Las bombas asesinas del grupo terrorista auto denominado Estado Islámico (EI) sacudieron con fuerza a la conciencia civilizada del planeta.
31 personas murieron y otras 270 permanecen heridas, entre ellas un ecuatoriano que se encuentra grave.
Una vez más el objetivo de los atentados terroristas se cumplió: causar pánico general y aumentar el recelo y la odiosidad.

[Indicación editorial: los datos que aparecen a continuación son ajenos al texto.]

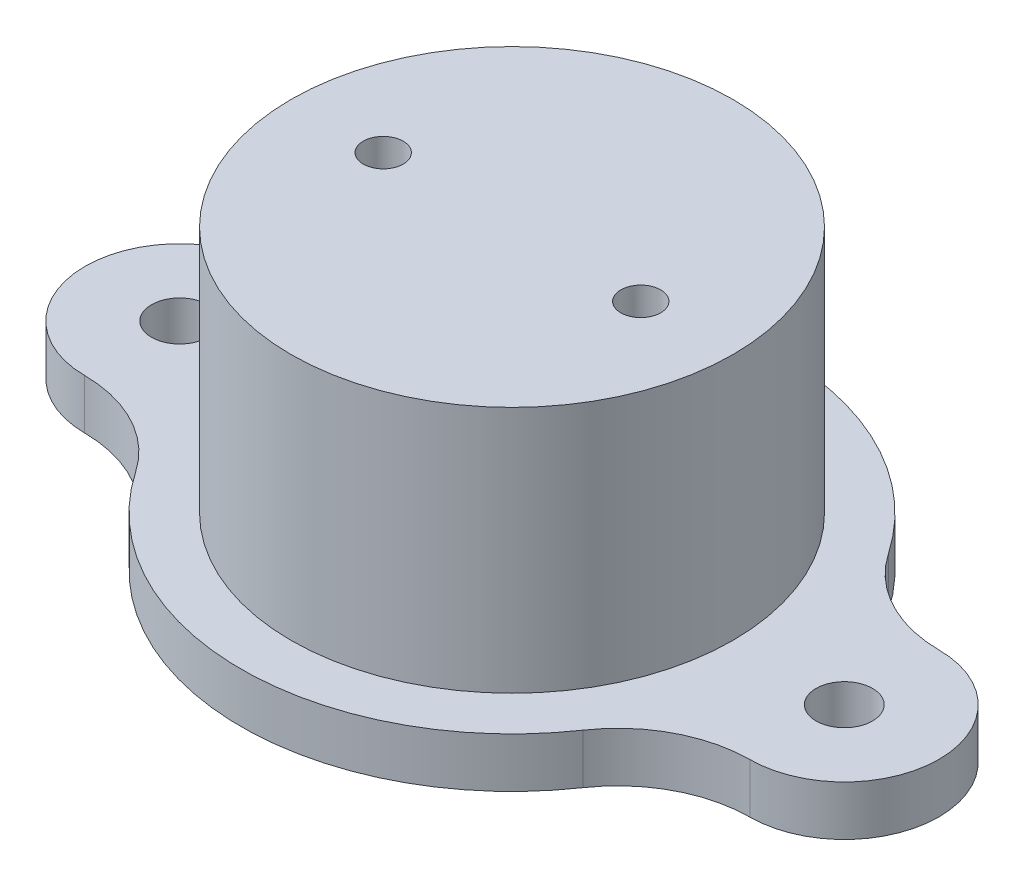
SolidWorks part; units mm, degrees
ref_plane "Front Plane" through (0, 0, 0) normal (0, 0, 1) x (1, 0, 0)
ref_plane "Top Plane" through (0, 0, 0) normal (0, 1, 0) x (1, 0, 0)
ref_plane "Right Plane" through (0, 0, 0) normal (1, 0, 0) x (0, 0, -1)
sketch "Sketch1" plane through (0, 0, 0) normal (0, 0, 1) x (1, 0, 0)
  line L0 (0, -272.3239) -> (0, 13343.8688) construction
  line L1 (0, 0) -> (0, 3)
  line L2 (0, 3) -> (13.3, 3)
  line L3 (13.3, 3) -> (13.3, -16)
  line L4 (13.3, -16) -> (11.7, -16)
  line L5 (11.7, -16) -> (11.7, 0)
  line L6 (11.7, 0) -> (0, 0)
  line L7 (13.3, -11.9) -> (16.3, -11.9)
  line L8 (16.3, -11.9) -> (16.3, -14.9)
  line L9 (16.3, -14.9) -> (13.3, -16)
  dimension "D1" = 3
  dimension "D2" = 23.4
  dimension "D3" = 16
  dimension "D4" = 26.6
  dimension "D5" = 14.9
  dimension "D6" = 3
  dimension "D7" = 3
revolve "Revolve1" add sketch "Sketch1" angle 360 about L0
sketch "Sketch3" plane through (0, -11.9, 0) normal (0, 1, 0) x (1, 0, 0)
  line L0 (0, -1000) -> (0, 49000) construction
  circle A0 centre (20, 0) radius 1.7
  circle A1 centre (-20, 0) radius 1.7
  arc A2 (-20.0291, 5.6999) -> (-20.0291, -5.6999) centre (-20, 0) ccw
  arc A3 (-20.0291, 5.6999) -> (-13.4626, 9.1896) centre (-20.07, 13.6998) ccw
  circle A4 centre (0, 0) radius 16.3 construction
  arc A5 (-13.4626, 9.1896) -> (-13.4626, -9.1896) centre (0, 0) ccw
  circle A6 centre (-20, 0) radius 5.7 construction
  arc A7 (-13.4626, -9.1896) -> (-20.0291, -5.6999) centre (-20.07, -13.6998) ccw
  arc A8 (13.4626, -9.1896) -> (13.4626, 9.1896) centre (0, 0) ccw
  arc A9 (13.4626, -9.1896) -> (20.0291, -5.6999) centre (20.07, -13.6998) cw
  arc A10 (20.0291, 5.6999) -> (13.4626, 9.1896) centre (20.07, 13.6998) cw
  arc A11 (20.0291, 5.6999) -> (20.0291, -5.6999) centre (20, 0) cw
  dimension "D1" = 3.4
  dimension "D4" = 16
  dimension "D2" = 40
  dimension "D3" = 4
extrude "Boss-Extrude4" add sketch "Sketch3" against normal blind 3
sketch "Sketch4" plane through (0, 0, 0) normal (0, 1, 0) x (1, 0, 0)
  line L0 (0, -1000) -> (0, 49000) construction
  circle A0 centre (7.75, 0) radius 1.2
  circle A1 centre (-7.75, 0) radius 1.2
  dimension "D1" = 2.4
  dimension "D2" = 15.5
extrude "Cut-Extrude3" cut sketch "Sketch4" along normal up to next contours A0 | A1
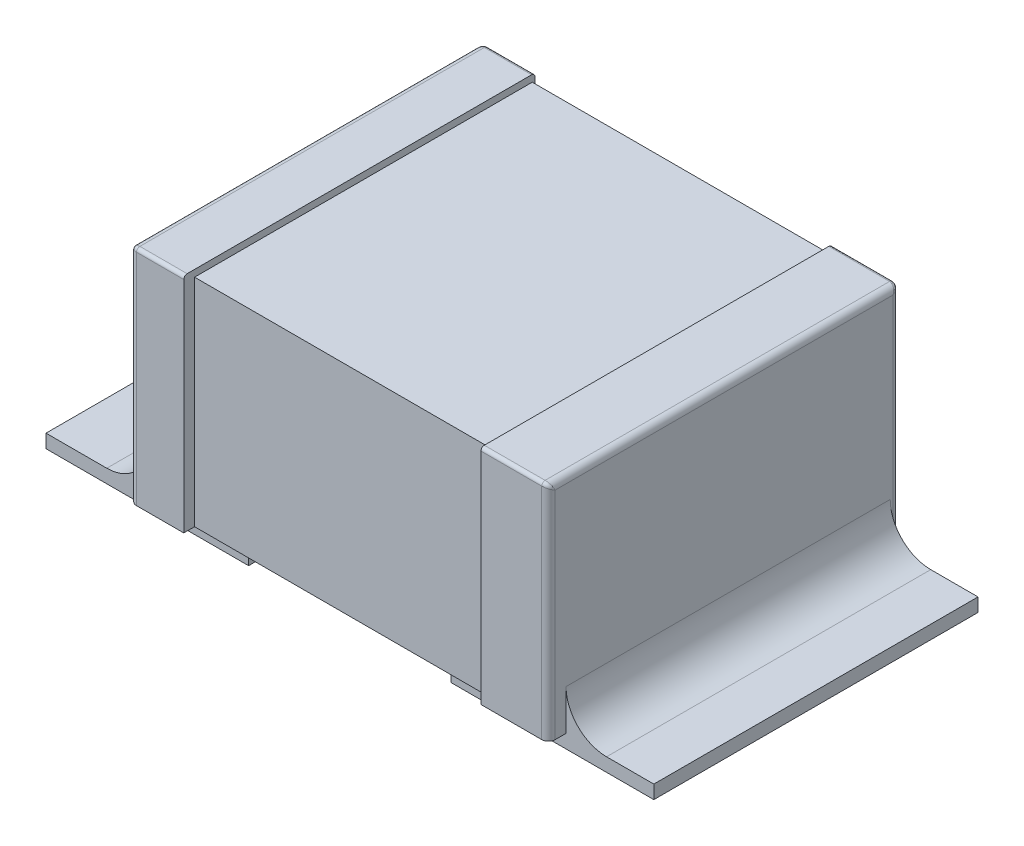
SolidWorks part; units mm, degrees
material "6063-O"
ref_plane "Front Plane" through (0, 0, 0) normal (0, 0, 1) x (1, 0, 0)
ref_plane "Top Plane" through (0, 0, 0) normal (0, 1, 0) x (1, 0, 0)
ref_plane "Right Plane" through (0, 0, 0) normal (1, 0, 0) x (0, 0, -1)
sketch "Sketch1" plane through (0, 0, 0) normal (1, 0, 0) x (0, 0, -1)
  line L0 (1.43, 0) -> (-1.43, 0) construction
  line L1 (-1.25, 0.1) -> (1.25, 0.1)
  line L2 (-1.25, 0.1) -> (-1.25, 1.7)
  line L3 (-1.25, 1.7) -> (1.25, 1.7)
  line L4 (1.25, 0.1) -> (1.25, 1.7)
  line L5 (0, 0.9625) -> (0, -0.9625) construction
  dimension "D1" = 2.5
  dimension "D2" = 1.6
  dimension "D3" = 0.1
  dimension "D4" = 1.25
extrude "Boss-Extrude1" add sketch "Sketch1" along normal mid plane 2.2
sketch "Sketch3" plane through (1.1, 0, 0) normal (1, 0, 0) x (0, 0, -1)
  line L0 (0, 0.9625) -> (0, -0.9625) construction
  line L1 (-1.305, 1.75) -> (1.245, 1.75)
  line L2 (-1.33, 1.725) -> (-1.33, 0.1)
  line L3 (-1.33, 0.1) -> (1.27, 0.1)
  line L4 (1.27, 1.725) -> (1.27, 0.1)
  line L6 (1.43, 0) -> (-1.43, 0) construction
  arc A2 (1.245, 1.75) -> (1.27, 1.725) centre (1.245, 1.725) cw
  arc A3 (-1.305, 1.75) -> (-1.33, 1.725) centre (-1.305, 1.725) ccw
  point P15 (1.27, 1.75)
  point P18 (-1.33, 1.75)
  dimension "D5" = 0.025
  dimension "D1" = 2.6
  dimension "D2" = 1.27
  dimension "D3" = 1.65
  dimension "D4" = 0.1
extrude "Boss-Extrude2" add sketch "Sketch3" along normal blind 0.5
sketch "Sketch5" plane through (-1.1, 0, 0) normal (-1, 0, 0) x (0, 0, 1)
  line L0 (1.305, 1.75) -> (-1.245, 1.75) construction
  line L1 (-1.245, 1.75) -> (1.305, 1.75)
  line L2 (-1.27, 1.725) -> (-1.27, 0.1)
  line L3 (-1.27, 0.1) -> (1.33, 0.1)
  line L4 (1.33, 1.725) -> (1.33, 0.1)
  line L5 (1.33, 1.725) -> (1.33, 0.1) construction
  line L6 (1.33, 0.1) -> (-1.27, 0.1) construction
  line L7 (-1.27, 1.725) -> (-1.27, 0.1) construction
  arc A2 (1.305, 1.75) -> (1.33, 1.725) centre (1.305, 1.725) cw
  arc A3 (-1.245, 1.75) -> (-1.27, 1.725) centre (-1.245, 1.725) ccw
  dimension "D1" = 0.025
extrude "Boss-Extrude3" add sketch "Sketch5" along normal blind 0.4
sketch "Sketch6" plane through (0, 0, 0) normal (0, 1, 0) x (1, 0, 0)
  line L0 (0, -0.9075) -> (0, 0.9075) construction
  line L1 (-2.25, 1.2) -> (-0.75, 1.2)
  line L2 (-2.25, 1.2) -> (-2.25, -1.2)
  line L3 (-2.25, -1.2) -> (-0.75, -1.2)
  line L4 (-0.75, 1.2) -> (-0.75, -1.2)
  line L5 (-0.9075, 0) -> (0.9075, 0) construction
  line L7 (0.75, 1.2) -> (2.25, 1.2)
  line L8 (0.75, 1.2) -> (0.75, -1.2)
  line L9 (0.75, -1.2) -> (2.25, -1.2)
  line L10 (2.25, 1.2) -> (2.25, -1.2)
  dimension "D1" = 1.5
  dimension "D2" = 2.4
  dimension "D3" = 0.75
  dimension "D4" = 1.2
  dimension "D5" = 0.75
extrude "Boss-Extrude4" add sketch "Sketch6" along normal blind 0.1
fillet "Fillet3" radius 0.05 10 edges at (1.6, 0.9125, 1.33) (1.6, 1.7427, 1.3227) (1.6, 1.75, 0.03) (1.6, 1.7427, -1.2627) (-1.5, 0.9125, 1.33) (-1.5, 1.7427, 1.3227) (-1.5, 1.75, 0.03) (-1.5, 1.7427, -1.2627) (1.6, 0.9125, -1.27) (-1.5, 0.9125, -1.27)
fillet "Fillet4" radius 0.3 2 edges at (1.6, 0.1, 0) (-1.5, 0.1, 0)
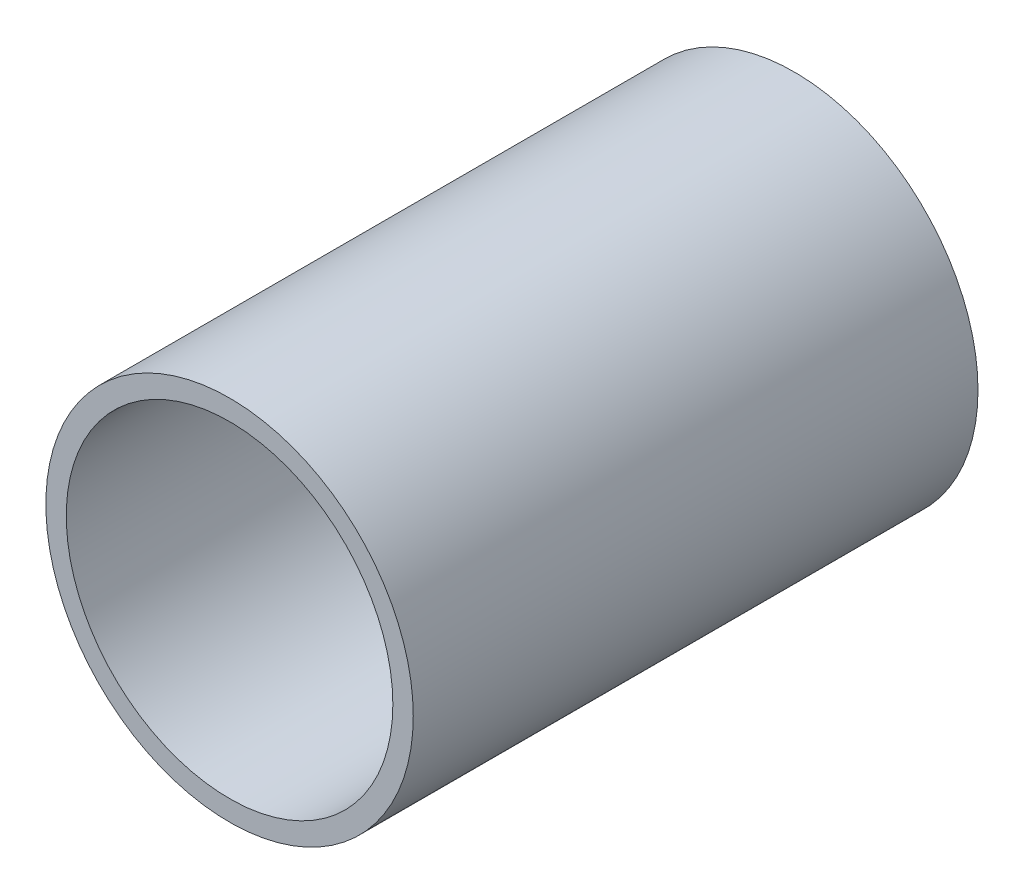
SolidWorks part; units mm, degrees
ref_plane "Płaszczyzna przednia" through (0, 0, 0) normal (0, 0, 1) x (1, 0, 0)
ref_plane "Płaszczyzna górna" through (0, 0, 0) normal (0, 1, 0) x (1, 0, 0)
ref_plane "Płaszczyzna prawa" through (0, 0, 0) normal (1, 0, 0) x (0, 0, -1)
sketch "Szkic1" plane through (0, 0, 0) normal (0, 0, 1) x (1, 0, 0)
  circle A0 centre (0, 0) radius 12
  circle A1 centre (0, 0) radius 13.5
  dimension "D1" = 24
  dimension "D2" = 27
extrude "Dodanie-wyciągnięcie1" add sketch "Szkic1" along normal blind 41.5
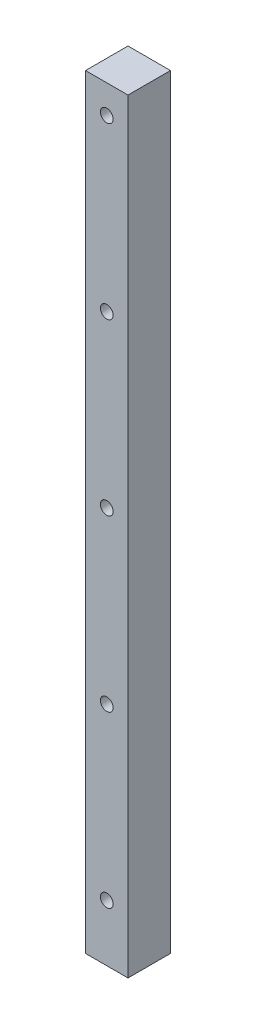
SolidWorks part; units mm, degrees
ref_plane "前视基准面" through (0, 0, 0) normal (0, 0, 1) x (1, 0, 0)
ref_plane "上视基准面" through (0, 0, 0) normal (0, 1, 0) x (1, 0, 0)
ref_plane "右视基准面" through (0, 0, 0) normal (1, 0, 0) x (0, 0, -1)
other "Configuration Table"
sketch "草图1" plane through (0, 0, 0) normal (0, 1, 0) x (1, 0, 0)
  line L1 (7.5, -7.5) -> (-7.5, -7.5)
  line L2 (7.5, -7.5) -> (7.5, 7.5)
  line L3 (7.5, 7.5) -> (-7.5, 7.5)
  line L4 (-7.5, -7.5) -> (-7.5, 7.5)
  line L5 (7.5, -7.5) -> (-7.5, 7.5) construction
  line L6 (7.5, 7.5) -> (-7.5, -7.5) construction
  point P0 (0, 0)
  dimension "D1" = 15
  dimension "D2" = 15
extrude "凸台-拉伸1" add sketch "草图1" along normal blind 270
sketch "草图2" plane through (0, 0, -7.5) normal (0, 0, -1) x (-1, 0, 0)
  circle A0 centre (0, 20) radius 2.25
  circle A1 centre (0, 80) radius 2.25
  circle A2 centre (0, 140) radius 2.25
  circle A3 centre (0, 200) radius 2.25
  circle A4 centre (0, 260) radius 2.25
  dimension "D1" = 4.5
  dimension "D2" = 20
  dimension "D3" = 2
  dimension "D4" = 4
extrude "切除-拉伸1" cut sketch "草图2" against normal blind 119

Y no solo en la lastimada Bruselas, sino en las ciudades europeas cuyos gobiernos han hecho frente común a una guerra anacrónica y particularmente sanguinaria que se libra en el campo militar en Iraq y Siria, y en el ámbito del terror en cualquier punto de Occidente y Oriente Próximo.
Es toda una ironía que después de los atentados en Nueva York, Madrid y Londres, y luego del reciente de París -tras el cual, hace un año, el mundo volvió a llorar de dolor-, las reforzadas medidas de seguridad muestren flaquezas y vulnerabilidad.
Irónico es también que uno de los terroristas suicidas que atacaron Bruselas con sus cuerpos convertidos en bombas ambulantes, haya sido detenido en Turquía, deportado a su país (Bélgica) y después liberado por falta de pruebas sobre las presunciones.
El dolor que la humanidad sufre traerá miedo e incertidumbre en cada plaza, estación o sitio público. La protección a los viajeros será cada vez más estricta.
EE.UU. perseguirá a los responsables de esta guerra disfrazada en la religión. La gente sigue los hechos, perpleja.